Rody to study objection to Security of Tenure bill
Although poised to sign the Security of Tenure (SOT) bill, President Duterte is still ready to consider the opposition of business groups to the measure which aims to protect workers’ rights by removing the ambiguities in laws that prohibit labor-only contracting.
“The President is always appreciative and considerate of whatever
opposition or concerns raised by any sector in this country relative to any bill passed in Congress and subject to his signature or veto,” presidential spokesman Salvador Panelo said at a press briefing yesterday.
Under the SOT bill transmitted to the Office of the President, labor only contracting exists when the job contractor merely supplies, recruits and places workers to a contractee, and when workers supplied to a contractee perform tasks that are listed by the industry to be directly related to the core business of the contractee, and when the contractee has direct control and supervision of the workers supplied by the contractor.
Senate labor committee chairman Joel Villanueva has said the bill clarifies ambiguities in existing laws that have allowed employers to go around the ban on labor only contracting.
The SOT bill also classifies workers into four types: regular, probationary, project and seasonal.
Once the bill becomes law, project and seasonal workers will have the same rights as regular employees like the payment of minimum wage and social protection benefits for the duration of their employment.
The classification aims to curb practices that misclassify employees and prevent them from obtaining regular status, Villanueva said in a recent statement.
The measure, however, does not totally ban labor only contracting. All contractors have to secure a license from the labor department to engage in job contracting.
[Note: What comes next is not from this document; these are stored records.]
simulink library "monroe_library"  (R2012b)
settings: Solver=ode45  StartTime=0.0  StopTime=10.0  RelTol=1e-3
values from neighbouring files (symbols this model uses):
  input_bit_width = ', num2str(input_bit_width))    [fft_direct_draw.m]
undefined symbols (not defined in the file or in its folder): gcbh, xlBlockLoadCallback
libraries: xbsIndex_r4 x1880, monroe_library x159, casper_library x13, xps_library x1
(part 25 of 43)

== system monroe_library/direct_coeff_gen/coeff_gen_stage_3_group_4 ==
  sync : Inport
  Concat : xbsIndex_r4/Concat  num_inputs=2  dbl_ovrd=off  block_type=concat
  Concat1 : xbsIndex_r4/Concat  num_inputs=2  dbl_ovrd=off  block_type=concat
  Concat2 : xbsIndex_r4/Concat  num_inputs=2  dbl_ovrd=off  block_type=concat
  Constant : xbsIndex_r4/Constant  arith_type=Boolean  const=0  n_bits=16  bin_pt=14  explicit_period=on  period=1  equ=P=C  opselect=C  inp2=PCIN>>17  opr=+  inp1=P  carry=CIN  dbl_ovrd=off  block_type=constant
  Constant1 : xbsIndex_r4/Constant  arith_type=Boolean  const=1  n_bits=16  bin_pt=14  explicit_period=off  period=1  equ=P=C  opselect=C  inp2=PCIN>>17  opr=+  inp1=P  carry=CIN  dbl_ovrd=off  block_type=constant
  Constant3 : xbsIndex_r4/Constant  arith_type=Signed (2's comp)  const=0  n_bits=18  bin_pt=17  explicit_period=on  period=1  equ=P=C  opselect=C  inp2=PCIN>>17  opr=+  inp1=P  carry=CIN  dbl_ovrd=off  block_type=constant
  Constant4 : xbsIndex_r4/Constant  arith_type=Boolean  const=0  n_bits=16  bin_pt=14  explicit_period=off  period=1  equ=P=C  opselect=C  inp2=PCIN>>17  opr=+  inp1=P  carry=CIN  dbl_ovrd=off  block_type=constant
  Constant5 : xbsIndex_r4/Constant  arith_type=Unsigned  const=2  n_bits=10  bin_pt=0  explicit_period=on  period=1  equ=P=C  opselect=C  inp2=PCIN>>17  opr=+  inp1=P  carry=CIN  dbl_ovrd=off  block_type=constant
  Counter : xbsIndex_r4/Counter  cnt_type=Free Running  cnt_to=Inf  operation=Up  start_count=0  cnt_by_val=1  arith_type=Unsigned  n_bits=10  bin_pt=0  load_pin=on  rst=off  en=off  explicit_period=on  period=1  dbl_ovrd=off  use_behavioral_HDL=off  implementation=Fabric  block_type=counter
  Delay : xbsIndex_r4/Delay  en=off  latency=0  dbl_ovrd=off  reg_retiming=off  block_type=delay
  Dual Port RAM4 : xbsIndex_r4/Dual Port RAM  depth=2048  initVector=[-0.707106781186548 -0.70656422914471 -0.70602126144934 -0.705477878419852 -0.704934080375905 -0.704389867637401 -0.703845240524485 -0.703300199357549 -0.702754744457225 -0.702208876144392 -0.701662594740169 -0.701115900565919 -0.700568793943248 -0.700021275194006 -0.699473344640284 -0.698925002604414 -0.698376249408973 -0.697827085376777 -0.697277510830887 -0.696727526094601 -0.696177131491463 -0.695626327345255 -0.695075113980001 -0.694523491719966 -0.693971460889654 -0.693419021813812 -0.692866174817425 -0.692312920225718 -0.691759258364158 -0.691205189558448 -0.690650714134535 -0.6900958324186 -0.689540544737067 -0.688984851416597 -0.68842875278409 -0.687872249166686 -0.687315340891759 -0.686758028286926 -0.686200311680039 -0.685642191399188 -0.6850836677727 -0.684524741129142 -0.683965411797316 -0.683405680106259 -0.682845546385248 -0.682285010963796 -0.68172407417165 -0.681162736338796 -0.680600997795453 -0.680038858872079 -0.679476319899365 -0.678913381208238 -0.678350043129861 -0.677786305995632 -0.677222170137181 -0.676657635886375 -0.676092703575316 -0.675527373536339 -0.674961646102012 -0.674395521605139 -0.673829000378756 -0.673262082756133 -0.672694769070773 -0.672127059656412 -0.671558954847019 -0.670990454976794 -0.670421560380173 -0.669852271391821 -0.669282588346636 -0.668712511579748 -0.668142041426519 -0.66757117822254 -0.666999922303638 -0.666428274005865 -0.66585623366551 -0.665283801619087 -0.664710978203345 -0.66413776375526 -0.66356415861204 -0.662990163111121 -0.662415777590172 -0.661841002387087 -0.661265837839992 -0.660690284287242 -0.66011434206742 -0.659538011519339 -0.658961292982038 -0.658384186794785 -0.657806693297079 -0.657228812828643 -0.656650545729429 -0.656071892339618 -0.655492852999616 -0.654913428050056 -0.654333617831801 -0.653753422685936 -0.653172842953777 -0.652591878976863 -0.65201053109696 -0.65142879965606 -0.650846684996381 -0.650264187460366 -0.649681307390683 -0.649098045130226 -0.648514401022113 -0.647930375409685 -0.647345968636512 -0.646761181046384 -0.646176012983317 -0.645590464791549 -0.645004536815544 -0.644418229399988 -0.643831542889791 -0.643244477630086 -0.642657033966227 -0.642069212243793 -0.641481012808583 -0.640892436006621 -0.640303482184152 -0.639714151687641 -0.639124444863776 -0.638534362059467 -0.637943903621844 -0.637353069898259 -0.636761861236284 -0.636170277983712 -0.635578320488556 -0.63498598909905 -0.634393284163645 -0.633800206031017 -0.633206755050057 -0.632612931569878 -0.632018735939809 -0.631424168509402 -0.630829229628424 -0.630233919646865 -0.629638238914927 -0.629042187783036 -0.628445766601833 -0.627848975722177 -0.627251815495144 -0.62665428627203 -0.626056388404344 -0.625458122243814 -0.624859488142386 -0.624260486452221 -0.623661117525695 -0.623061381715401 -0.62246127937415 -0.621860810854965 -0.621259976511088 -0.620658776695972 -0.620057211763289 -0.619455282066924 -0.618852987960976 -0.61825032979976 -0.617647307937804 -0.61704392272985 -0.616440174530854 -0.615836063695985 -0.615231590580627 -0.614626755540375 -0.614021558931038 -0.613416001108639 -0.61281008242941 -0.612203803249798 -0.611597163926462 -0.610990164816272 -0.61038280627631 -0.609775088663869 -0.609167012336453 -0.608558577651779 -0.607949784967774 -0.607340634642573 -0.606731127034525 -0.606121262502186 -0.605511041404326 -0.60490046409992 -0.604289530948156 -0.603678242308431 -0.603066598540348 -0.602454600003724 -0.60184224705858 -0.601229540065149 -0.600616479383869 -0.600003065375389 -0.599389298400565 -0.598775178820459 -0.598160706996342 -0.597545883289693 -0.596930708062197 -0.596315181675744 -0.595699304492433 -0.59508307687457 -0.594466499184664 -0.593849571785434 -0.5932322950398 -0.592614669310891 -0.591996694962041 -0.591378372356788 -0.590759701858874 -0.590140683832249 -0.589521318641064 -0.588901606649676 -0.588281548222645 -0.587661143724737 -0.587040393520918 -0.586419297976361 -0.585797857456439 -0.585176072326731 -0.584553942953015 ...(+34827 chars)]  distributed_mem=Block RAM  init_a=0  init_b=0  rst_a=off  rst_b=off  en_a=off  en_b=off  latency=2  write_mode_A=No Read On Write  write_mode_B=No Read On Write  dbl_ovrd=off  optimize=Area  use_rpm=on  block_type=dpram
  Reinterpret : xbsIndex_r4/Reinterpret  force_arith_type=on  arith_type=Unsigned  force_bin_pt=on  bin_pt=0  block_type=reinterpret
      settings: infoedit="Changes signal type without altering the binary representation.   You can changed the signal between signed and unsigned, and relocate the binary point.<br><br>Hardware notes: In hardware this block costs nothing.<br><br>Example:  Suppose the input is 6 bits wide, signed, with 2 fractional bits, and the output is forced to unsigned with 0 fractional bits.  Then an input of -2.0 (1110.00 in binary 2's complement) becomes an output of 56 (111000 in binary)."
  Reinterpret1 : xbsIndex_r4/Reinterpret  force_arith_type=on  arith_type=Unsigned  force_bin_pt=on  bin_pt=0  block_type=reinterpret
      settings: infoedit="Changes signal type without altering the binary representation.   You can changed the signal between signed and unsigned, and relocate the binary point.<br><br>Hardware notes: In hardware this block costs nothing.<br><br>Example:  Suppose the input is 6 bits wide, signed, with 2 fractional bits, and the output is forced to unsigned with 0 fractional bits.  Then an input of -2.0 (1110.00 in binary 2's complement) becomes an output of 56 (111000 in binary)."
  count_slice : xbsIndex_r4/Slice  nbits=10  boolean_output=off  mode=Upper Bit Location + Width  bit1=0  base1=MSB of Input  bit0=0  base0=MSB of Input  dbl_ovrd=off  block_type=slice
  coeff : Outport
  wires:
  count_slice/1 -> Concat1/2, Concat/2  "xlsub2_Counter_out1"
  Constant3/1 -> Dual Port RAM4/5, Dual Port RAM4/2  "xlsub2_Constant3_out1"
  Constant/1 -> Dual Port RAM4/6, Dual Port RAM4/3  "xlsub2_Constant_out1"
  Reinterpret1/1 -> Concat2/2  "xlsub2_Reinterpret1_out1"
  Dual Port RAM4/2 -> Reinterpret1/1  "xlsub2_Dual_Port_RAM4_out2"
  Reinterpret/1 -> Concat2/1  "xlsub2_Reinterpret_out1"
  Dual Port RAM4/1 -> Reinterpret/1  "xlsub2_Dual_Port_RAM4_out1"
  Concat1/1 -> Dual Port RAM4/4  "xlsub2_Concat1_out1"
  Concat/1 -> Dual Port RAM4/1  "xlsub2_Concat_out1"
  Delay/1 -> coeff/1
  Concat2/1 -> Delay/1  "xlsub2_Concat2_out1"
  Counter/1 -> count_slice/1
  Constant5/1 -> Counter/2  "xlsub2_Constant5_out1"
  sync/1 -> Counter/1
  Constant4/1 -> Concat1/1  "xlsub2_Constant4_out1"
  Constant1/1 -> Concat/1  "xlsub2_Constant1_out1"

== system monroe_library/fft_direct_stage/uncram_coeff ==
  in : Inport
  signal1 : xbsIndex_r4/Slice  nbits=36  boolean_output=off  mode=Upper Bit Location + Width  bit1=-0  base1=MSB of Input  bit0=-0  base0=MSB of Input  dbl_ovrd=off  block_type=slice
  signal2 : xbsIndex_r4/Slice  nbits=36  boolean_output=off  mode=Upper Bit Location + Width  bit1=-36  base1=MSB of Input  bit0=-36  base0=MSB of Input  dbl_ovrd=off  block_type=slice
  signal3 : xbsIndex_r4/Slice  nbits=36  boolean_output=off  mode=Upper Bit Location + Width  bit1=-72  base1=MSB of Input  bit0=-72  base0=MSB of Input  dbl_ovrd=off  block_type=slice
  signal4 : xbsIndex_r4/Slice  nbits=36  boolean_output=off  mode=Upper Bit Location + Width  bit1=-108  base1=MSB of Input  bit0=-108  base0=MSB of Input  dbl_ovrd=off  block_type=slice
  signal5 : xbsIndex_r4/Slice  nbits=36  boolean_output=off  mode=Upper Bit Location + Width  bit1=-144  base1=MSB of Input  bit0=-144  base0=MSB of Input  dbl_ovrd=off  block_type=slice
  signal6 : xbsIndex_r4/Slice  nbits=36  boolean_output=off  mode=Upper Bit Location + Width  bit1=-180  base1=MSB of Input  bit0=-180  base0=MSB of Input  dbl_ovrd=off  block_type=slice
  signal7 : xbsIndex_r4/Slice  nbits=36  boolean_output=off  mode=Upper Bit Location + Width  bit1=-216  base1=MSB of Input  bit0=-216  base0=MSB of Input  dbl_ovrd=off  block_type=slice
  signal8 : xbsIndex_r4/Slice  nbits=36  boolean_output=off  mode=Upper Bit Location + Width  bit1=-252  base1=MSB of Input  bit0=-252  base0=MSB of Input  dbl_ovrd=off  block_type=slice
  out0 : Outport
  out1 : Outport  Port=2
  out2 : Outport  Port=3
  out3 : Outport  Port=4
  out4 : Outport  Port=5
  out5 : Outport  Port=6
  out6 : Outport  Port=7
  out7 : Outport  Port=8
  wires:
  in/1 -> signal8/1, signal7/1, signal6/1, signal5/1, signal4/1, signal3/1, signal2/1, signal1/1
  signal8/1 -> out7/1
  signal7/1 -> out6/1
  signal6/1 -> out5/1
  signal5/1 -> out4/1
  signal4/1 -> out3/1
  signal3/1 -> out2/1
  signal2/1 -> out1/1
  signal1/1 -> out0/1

Business groups have asked Duterte to veto the SOT bill, saying it would be inconsistent with the businesses’ constitutional right to contract labor as part of management prerogative.
They also warned that the bill could prod businesses into removing low-skilled jobs contracted out to service providers by using automation and artificial intelligence, redesigning work processes or transferring work to more investor-friendly foreign destinations.
Banning “endo” or endof-contract was one of the campaign promises of Duterte during the 2016 elections. He has issued an executive order implementing labor law provisions against illegal contracting but admitted that a law is needed to ban all forms of contractualization.
Last September, the President certified as urgent the bill that seeks to ban labor-only contracting, saying the practice is causing poverty and underemployment in the country.
Good enough
The country’s largest labor group said it still wants the President to sign the SOT bill even if it thinks the measure lacks teeth.
“We prefer that the proposed Security of Tenure law be signed by the President rather than remain silent while the employers and economic managers cannot give a few morsels to workers,” Trade Union Congress of the Philippines president Raymond Mendoza said.
While claiming that the bicameral process had been rushed, Mendoza expressed belief that the proposed law could eventually be amended to tighten some of its provisions.
Mendoza said the proposed SOT bill, if enacted into law, provides clearer definition of what labor only contracting (LOC) should be.
He said employers are calling for the President to veto the proposed measure because it categorically prohibits LOC, currently being widely practice by commercial firms.